- Exercise objective
The required result is each line of the entries below containing the string "through".

Provided material Start Marker

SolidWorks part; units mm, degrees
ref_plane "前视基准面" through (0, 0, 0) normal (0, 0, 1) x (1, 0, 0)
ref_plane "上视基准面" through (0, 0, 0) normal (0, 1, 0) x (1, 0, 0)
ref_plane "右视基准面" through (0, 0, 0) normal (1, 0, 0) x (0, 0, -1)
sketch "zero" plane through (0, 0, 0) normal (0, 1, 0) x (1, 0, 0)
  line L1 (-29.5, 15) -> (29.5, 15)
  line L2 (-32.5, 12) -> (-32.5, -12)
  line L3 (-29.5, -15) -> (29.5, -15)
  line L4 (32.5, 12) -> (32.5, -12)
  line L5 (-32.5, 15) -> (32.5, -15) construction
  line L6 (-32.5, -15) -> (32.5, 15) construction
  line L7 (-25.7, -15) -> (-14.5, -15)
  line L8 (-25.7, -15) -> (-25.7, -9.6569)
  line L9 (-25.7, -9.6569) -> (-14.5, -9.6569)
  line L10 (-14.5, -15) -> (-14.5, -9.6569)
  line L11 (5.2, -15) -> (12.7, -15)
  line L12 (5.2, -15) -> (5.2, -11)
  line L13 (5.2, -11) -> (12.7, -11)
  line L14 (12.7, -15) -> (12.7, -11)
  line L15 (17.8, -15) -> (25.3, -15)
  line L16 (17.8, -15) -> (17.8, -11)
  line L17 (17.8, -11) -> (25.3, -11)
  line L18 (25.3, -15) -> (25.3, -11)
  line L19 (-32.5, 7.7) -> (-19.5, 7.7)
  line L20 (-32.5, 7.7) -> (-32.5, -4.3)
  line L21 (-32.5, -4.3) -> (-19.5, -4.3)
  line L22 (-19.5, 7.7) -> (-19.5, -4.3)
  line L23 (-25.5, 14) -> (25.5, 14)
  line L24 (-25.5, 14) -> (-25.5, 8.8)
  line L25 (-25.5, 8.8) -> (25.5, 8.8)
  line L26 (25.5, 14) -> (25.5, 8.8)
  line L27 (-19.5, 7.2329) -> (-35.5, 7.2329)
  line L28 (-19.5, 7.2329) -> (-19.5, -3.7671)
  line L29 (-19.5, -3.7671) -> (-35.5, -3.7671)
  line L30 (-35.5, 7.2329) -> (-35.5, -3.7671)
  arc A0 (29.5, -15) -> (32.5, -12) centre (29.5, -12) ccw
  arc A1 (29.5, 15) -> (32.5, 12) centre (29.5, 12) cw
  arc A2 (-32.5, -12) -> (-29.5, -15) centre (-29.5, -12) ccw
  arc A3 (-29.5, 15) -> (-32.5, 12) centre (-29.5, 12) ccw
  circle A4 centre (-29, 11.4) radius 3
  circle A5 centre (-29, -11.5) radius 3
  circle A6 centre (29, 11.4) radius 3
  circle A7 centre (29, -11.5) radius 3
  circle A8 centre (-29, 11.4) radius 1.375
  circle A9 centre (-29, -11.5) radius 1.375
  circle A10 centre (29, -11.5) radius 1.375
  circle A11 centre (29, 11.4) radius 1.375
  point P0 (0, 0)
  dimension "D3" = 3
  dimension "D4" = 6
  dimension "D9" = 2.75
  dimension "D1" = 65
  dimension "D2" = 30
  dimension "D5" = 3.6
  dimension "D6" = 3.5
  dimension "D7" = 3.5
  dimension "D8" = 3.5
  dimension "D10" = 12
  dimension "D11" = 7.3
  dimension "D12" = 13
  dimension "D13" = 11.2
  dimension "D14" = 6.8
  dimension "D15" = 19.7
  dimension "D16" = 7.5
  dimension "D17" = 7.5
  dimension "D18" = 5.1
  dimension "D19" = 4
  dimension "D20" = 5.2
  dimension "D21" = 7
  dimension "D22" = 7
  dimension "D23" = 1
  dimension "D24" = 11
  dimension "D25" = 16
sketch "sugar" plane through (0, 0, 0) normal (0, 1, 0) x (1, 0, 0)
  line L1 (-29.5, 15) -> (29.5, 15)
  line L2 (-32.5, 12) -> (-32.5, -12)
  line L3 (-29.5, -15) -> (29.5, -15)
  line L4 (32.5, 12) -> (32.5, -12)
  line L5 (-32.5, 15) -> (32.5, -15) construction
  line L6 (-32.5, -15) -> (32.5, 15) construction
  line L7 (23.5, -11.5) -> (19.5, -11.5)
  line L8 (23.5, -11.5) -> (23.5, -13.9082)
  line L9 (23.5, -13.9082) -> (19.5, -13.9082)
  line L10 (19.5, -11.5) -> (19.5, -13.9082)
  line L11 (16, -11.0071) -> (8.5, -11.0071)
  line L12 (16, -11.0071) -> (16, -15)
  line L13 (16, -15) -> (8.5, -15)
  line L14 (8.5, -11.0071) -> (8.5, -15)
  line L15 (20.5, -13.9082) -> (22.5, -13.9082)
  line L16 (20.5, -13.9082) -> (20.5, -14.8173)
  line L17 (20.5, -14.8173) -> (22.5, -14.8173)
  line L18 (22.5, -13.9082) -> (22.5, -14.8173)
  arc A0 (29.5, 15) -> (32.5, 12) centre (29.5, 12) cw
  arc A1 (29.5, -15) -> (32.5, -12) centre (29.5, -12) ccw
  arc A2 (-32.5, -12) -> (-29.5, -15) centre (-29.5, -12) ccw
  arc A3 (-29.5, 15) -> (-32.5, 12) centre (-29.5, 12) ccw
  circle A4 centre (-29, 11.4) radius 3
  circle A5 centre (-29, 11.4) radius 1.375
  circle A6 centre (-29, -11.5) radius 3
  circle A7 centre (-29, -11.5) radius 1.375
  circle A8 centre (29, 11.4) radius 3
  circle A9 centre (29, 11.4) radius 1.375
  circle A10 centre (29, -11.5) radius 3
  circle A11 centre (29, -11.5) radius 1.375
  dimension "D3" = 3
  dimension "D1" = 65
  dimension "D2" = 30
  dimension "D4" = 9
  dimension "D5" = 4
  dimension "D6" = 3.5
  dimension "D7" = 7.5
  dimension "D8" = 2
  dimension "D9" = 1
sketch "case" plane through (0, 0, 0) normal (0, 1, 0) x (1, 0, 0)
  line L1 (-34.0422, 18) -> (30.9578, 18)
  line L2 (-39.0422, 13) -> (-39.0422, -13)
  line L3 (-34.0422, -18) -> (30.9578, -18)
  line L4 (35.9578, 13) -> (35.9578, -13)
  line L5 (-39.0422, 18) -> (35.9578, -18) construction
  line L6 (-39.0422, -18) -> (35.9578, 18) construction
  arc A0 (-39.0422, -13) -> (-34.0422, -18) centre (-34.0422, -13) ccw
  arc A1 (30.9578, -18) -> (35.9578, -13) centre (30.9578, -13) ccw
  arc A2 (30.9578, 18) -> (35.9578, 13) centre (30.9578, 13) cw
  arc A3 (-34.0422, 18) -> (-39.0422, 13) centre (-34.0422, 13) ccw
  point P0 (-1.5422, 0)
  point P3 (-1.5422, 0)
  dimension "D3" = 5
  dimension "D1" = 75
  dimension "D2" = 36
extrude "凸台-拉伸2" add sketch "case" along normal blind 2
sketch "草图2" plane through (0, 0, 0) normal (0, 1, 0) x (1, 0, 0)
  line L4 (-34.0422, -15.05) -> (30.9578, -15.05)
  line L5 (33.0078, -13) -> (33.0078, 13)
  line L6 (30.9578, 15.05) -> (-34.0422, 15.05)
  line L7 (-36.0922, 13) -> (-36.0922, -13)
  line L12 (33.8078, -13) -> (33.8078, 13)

Provided material End Marker

- Result
ref_plane "前视基准面" through (0, 0, 0) normal (0, 0, 1) x (1, 0, 0)
ref_plane "上视基准面" through (0, 0, 0) normal (0, 1, 0) x (1, 0, 0)
ref_plane "右视基准面" through (0, 0, 0) normal (1, 0, 0) x (0, 0, -1)
sketch "zero" plane through (0, 0, 0) normal (0, 1, 0) x (1, 0, 0)
sketch "sugar" plane through (0, 0, 0) normal (0, 1, 0) x (1, 0, 0)
sketch "case" plane through (0, 0, 0) normal (0, 1, 0) x (1, 0, 0)
sketch "草图2" plane through (0, 0, 0) normal (0, 1, 0) x (1, 0, 0)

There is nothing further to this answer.